Hanwha SolarOne posts stable Q2 financials; lowers FY shipment guidance

Korean-based Hanwha SolarOne, whose parent company recently won its bid to take the insolvent Q.Cells SE over, has posted comparatively positive Q2 financials, although its continues to suffer losses across the board.

Net loss for the period amounted to RMB266.7 million (US$42 million), slightly up from the RMB303.7 million lost in Q1 2012, but down on the loss of RMB69 million in Q2 2011. Meanwhile, Q2 2012 net loss per basic ADS was RMB3.16 ($0.50), compared to RMB-3.60 in Q1 2012 and RMB-0.82 in Q2 2011.

At RMB1 billion ($168.7 million), Q2 2012 net revenues rebounded from Q1 2012, which recorded revenues of RMB803.9 million in Q1. However, the figures were still 40.4% down on Q2 2011, which reaped revenues of RMB1.8 billion.

In a positive sign, operating loss for the quarter decreased to RMB82.8 million ($13 million), up from a loss of RMB220.9 million in Q1 2012, but down from a loss of RMB25.7 million in Q2 2011. This led to an operating margin of negative 7.7%, compared to negative 27.5% and negative 1.4% in Q1 2012 and Q2 2011, respectively.

In terms of gross profit, Hanwha SolarOne reaped RMB67.5 million ($10.6 million) in Q2 2012, significantly up on the loss of RMB75.2 million in Q1 2012, but slightly down on the profit of RMB162.9 million in Q2 2011. Again positive, Q2 2012 gross margin was 6.3%, compared to negative 9.4% in Q1 2012, "due to the decline in production costs outpacing the decline in ASP, and higher factory utilization which was driven by higher shipment volumes", and positive 9.1% in Q2 2011.

Looking at photovoltaic module shipments, including module processing services, the manufacturer reached the lower end of its guidance to ship 230.7 MW in the quarter. Sales were said to have been led by Germany, which accounted for 57% of total shipments. Overall, Europe and Africa were said to have accounted for 76% of shipments.

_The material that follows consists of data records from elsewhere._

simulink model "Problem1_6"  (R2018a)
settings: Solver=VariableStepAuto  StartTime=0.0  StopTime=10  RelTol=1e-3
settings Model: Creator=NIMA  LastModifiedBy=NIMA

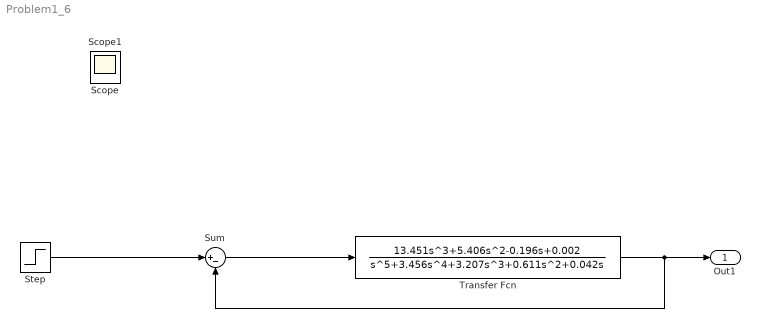
== system Problem1_6 ==
  Step : Step  SampleTime=0
  Sum : Sum  Inputs=|+-
  Transfer Fcn : TransferFcn  Numerator=[13.451 5.406 -0.196 0.002]  Denominator=[1 3.456 3.207 0.611 0.042 0]
  Out1 : Outport
  Scope : Scope
  Scope1 : Scope
  wires:
  Transfer Fcn/1 -> Sum/2, Out1/1
  Sum/1 -> Transfer Fcn/1
  Step/1 -> Sum/1
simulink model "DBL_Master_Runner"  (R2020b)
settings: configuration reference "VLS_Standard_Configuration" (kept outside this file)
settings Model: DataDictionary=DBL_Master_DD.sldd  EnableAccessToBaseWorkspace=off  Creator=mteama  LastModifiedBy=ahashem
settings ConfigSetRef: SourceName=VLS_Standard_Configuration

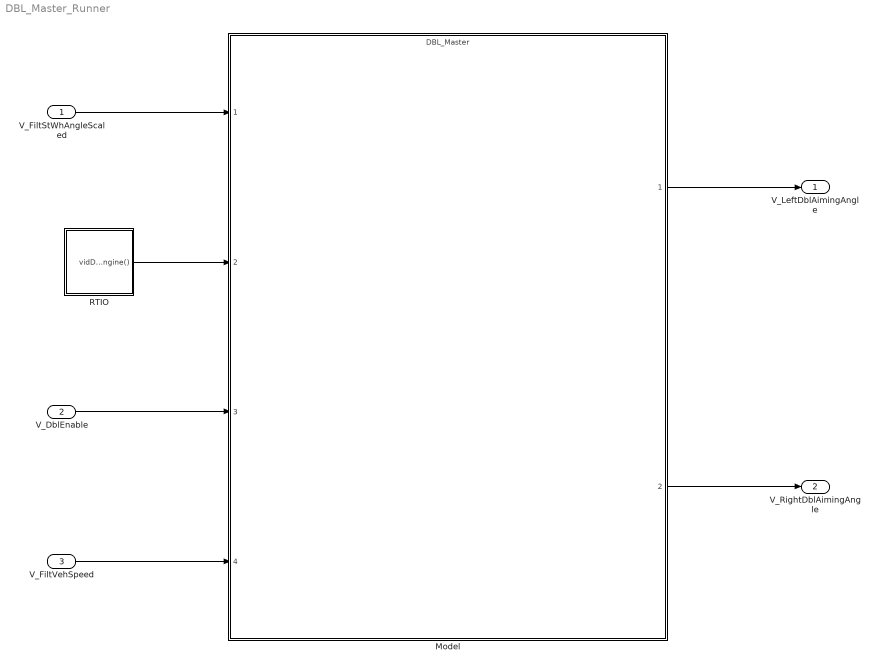
== system DBL_Master_Runner ==
  V_FiltStWhAngleScaled : Inport  OutDataTypeStr=fixdt(1,16,0.1,0)  PortDimensions=1
  V_DblEnable : Inport  Port=2  OutDataTypeStr=boolean  PortDimensions=1
  V_FiltVehSpeed : Inport  Port=3  OutDataTypeStr=fixdt(0,16,0.1,0)  PortDimensions=1
  Model : ModelReference  ModelNameDialog=DBL_Master.slx  SimulationMode=Normal  ScheduleRates=on  ModelReferenceVersion=7.87
  RTIO : Stateflow chart  TreatAsAtomicUnit=on  SystemSampleTime=0.02
  V_LeftDblAimingAngle : Outport  PortDimensions=1
  V_RightDblAimingAngle : Outport  Port=2  PortDimensions=1
  wires:
  RTIO/1(vidDBLM_Engine()) -> Model/2
  V_FiltStWhAngleScaled/1 -> Model/1
  Model/1 -> V_LeftDblAimingAngle/1
  V_DblEnable/1 -> Model/3
  V_FiltVehSpeed/1 -> Model/4
  Model/2 -> V_RightDblAimingAngle/1

== stateflow chart DBL_Master_Runner/RTIO ==
  state Schedule
    on every(1,tick):
    send(vidDBLM_Engine)
  (default) -> Schedule
  events: vidDBLM_Engine output FUNCTION_CALL_EVENT

Q2 2012 average selling prices, excluding module processing services, were said to have further decreased, from RMB5.30 per watt in Q1 2012, and RMB10.09 in Q2 2011, to RMB4.85 per watt ($0.77).

Looking ahead, Hanwha forecasts similar shipments in Q3 to Q2, and a positive gross margin. For the FY, the company has slightly lowered its photovoltaic module shipments from 1 GW to between 900 MW and 1 GW. Meanwhile, it has confirmed that capital expenditures should be around $150 million, "depending on demand and other market conditions" and that processing costs, not counting silicon, should be approximately $0.50 per watt.

Commenting, Ki-Joon Hong, chairman and CEO said, "In spite of a difficult operating environment, we achieved some good progress during the second quarter. Our shipment volumes grew nicely quarter-to-quarter, our production costs continued to improve and now are in reach of our year-end target, and we are increasingly seeing synergies with our parent company, particularly in downstream activities.

"We remain optimistic that our presence in large new growth markets such as China, Japan and the US, will provide incremental volume potential in the second half of 2012. Challenging industry conditions remain: overcapacity, a spike in manufacturer’s inventories, declining prices, and regulatory issues pertaining to duties in the US and possibly Europe. In spite of these, we continue to move forward with our long-term goals, in concert with support from our largest shareholder, and believe we have established the brand, competitive cost structure, balance sheet and management team to enter the next growth stage of the industry."